Saw the trailer for the Midway remake. Hope its more Longest Day than Pearl Harbor!  :facepalm:

https://www.cineplex.com/Movie/midway


----------



## garb811 (3 Jul 2019)

Having watched the trailer, good luck with that.  :not-again:


----------



## Lumber (3 Jul 2019)

The original Midway is an absolute classic.

This movie looks like absolute trash. 

I honestly thing Battleship will end up being a better navy movie, probably because everyone knew going into Battleship that it was supposed to be taken with a grain of salt. This on the other hand... 

Let's just say I hope the trailer has far more "jazz" than the film.


----------



## FJAG (3 Jul 2019)

I'm going to try to keep an open mind here.
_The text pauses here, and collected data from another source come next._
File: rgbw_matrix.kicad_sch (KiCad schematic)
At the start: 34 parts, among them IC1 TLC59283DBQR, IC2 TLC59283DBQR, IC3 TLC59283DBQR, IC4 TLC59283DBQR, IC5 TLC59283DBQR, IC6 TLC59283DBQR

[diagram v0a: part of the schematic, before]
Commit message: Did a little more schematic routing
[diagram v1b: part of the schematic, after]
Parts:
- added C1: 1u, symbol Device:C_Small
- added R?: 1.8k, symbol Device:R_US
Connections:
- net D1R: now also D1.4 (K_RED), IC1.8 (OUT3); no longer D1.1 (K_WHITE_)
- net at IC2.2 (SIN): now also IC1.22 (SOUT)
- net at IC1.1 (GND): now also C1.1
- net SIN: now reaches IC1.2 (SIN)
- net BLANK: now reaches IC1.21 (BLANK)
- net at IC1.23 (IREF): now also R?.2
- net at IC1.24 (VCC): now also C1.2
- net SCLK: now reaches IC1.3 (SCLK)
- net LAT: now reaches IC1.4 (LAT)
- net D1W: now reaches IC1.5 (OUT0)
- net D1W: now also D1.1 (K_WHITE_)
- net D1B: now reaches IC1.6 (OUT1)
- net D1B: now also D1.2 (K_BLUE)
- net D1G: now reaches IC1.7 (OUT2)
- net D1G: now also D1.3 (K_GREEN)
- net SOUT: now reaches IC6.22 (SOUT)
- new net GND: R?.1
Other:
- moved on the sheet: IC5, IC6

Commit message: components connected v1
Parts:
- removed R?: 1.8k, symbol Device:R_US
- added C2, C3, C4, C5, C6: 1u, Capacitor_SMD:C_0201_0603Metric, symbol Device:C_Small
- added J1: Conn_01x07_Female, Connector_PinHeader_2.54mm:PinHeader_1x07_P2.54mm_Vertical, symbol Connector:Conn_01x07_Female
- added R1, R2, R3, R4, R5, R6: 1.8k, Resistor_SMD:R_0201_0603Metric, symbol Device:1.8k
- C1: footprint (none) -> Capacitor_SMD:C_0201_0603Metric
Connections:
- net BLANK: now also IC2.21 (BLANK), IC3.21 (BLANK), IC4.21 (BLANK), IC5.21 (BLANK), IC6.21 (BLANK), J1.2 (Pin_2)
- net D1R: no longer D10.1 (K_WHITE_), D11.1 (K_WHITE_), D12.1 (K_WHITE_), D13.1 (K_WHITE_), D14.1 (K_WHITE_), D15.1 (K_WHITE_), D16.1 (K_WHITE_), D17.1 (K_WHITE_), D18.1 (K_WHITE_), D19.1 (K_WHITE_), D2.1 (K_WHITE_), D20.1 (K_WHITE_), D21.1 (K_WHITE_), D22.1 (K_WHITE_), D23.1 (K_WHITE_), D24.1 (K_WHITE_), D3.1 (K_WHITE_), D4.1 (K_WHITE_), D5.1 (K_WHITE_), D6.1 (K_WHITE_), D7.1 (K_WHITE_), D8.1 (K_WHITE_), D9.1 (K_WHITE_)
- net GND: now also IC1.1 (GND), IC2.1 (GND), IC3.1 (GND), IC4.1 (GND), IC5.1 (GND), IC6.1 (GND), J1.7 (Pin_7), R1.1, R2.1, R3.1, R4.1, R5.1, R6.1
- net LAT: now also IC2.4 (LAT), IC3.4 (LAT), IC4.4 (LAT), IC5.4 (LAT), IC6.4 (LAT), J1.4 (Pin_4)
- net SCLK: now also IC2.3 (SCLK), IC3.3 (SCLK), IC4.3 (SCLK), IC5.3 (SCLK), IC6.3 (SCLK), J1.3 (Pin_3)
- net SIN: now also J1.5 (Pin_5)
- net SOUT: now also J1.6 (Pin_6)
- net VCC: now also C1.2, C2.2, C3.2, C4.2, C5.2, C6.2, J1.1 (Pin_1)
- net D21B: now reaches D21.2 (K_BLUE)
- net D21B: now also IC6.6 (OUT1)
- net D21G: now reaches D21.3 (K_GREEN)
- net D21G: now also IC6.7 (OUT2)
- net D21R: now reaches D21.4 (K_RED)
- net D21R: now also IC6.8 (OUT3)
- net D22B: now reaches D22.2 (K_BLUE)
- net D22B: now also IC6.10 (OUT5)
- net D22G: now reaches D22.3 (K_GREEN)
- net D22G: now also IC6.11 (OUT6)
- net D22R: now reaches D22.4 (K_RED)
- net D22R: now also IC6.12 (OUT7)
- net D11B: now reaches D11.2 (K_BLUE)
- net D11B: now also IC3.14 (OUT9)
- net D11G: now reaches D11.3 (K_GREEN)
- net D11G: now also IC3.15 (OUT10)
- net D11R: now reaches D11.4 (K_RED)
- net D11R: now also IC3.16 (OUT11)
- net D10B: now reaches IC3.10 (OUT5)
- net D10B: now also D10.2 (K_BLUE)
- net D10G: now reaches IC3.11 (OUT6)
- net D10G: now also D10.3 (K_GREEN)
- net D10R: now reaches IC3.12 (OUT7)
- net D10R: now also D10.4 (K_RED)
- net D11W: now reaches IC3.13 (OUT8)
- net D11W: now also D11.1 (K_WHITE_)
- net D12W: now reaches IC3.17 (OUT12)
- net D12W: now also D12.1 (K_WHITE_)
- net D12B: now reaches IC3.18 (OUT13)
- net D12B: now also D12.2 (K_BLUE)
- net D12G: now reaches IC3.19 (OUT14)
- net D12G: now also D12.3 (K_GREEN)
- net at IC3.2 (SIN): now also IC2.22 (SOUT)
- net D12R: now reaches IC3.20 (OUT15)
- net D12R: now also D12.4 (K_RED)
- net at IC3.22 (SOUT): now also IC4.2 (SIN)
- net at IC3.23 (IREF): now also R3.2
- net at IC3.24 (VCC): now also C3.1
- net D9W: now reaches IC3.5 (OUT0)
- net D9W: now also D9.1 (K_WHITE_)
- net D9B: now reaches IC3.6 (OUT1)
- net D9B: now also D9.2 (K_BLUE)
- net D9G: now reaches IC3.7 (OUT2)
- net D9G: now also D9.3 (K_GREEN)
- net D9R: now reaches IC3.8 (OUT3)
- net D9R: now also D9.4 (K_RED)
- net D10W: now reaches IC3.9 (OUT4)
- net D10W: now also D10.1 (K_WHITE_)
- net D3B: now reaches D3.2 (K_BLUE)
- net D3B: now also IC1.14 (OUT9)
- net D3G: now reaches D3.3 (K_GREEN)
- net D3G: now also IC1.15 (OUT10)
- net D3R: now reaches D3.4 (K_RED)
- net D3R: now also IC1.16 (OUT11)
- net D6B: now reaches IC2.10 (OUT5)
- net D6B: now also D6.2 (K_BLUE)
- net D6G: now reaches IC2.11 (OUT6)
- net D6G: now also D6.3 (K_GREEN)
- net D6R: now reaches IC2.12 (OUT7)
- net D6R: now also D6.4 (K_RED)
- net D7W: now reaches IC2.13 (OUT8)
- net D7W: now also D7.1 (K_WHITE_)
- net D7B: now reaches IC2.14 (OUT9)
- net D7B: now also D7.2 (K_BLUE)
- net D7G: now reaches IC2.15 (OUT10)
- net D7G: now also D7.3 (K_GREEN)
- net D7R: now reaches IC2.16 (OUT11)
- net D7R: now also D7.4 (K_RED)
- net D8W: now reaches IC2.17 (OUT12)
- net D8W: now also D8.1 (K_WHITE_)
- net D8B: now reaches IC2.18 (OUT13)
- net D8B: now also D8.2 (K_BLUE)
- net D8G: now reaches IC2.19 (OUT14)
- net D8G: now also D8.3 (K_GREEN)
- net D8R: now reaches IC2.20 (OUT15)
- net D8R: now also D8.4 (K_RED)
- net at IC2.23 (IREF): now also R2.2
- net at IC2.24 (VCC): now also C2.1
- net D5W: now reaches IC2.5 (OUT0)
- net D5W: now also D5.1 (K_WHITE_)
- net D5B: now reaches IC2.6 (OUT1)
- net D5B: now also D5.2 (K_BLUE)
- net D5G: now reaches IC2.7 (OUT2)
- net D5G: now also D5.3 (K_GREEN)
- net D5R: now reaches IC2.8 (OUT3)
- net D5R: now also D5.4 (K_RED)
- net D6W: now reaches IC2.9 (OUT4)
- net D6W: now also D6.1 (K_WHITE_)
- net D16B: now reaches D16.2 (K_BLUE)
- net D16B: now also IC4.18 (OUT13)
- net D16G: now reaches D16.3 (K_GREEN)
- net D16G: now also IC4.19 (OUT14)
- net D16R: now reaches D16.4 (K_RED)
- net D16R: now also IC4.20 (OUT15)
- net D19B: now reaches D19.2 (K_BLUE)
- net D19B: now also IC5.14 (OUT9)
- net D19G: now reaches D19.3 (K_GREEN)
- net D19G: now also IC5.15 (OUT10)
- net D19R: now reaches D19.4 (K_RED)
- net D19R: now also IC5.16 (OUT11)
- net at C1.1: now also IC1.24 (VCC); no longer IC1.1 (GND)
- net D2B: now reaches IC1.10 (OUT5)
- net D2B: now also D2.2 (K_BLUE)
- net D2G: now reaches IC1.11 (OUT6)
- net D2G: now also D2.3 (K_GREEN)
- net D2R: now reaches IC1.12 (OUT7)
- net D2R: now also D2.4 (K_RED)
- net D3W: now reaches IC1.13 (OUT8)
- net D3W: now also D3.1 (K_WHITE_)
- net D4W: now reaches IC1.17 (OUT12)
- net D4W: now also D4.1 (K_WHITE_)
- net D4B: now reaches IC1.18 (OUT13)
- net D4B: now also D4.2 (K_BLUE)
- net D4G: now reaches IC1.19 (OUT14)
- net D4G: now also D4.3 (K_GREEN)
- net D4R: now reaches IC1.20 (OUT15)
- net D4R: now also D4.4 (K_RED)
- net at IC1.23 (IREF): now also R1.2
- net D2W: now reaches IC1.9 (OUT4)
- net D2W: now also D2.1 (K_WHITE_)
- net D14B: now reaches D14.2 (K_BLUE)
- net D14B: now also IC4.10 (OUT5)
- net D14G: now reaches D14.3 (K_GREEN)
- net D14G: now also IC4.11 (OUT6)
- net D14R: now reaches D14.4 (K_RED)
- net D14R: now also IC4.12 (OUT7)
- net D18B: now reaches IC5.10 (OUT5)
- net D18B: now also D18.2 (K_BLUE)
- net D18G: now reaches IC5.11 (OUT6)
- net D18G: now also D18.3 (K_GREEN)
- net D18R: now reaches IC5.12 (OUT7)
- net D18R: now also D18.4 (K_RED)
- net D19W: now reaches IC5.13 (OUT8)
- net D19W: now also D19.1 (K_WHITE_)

I think the original Midway was an absolute classic that hit all the right notes of acting, story telling and technical skills for the time.

The new one will undoubtedly achieve far superior technical effects (I tend to like CGI although frequently it is used stupidly) over those of the original however it's line up of actors does not hold a candle to the ones who appeared in the original (Woody Harrelson as Nimitz???). 

My biggest fear is the potential for off the charts jingoism that might mess up the story. The Battle of Midway was a great story in it's own right replete with suspense, chance, and imminent failure that ended in a brilliant victory. Hell, the story of the Yorktown, its role in the Battle of the Coral Sea, its damage, the superhuman repair efforts to get her back in service in time for Midway, its fight there and eventual sinking is a terrific story in its own right. The original film built on all of that without embellishment. My biggest fear is that like the movie "Pearl Harbor" there will be plot lines/arcs woven into the story which will undermine the real story. With luck, maybe the producers of this one have learned from "Pearl Harbor". My bet is that they won't have.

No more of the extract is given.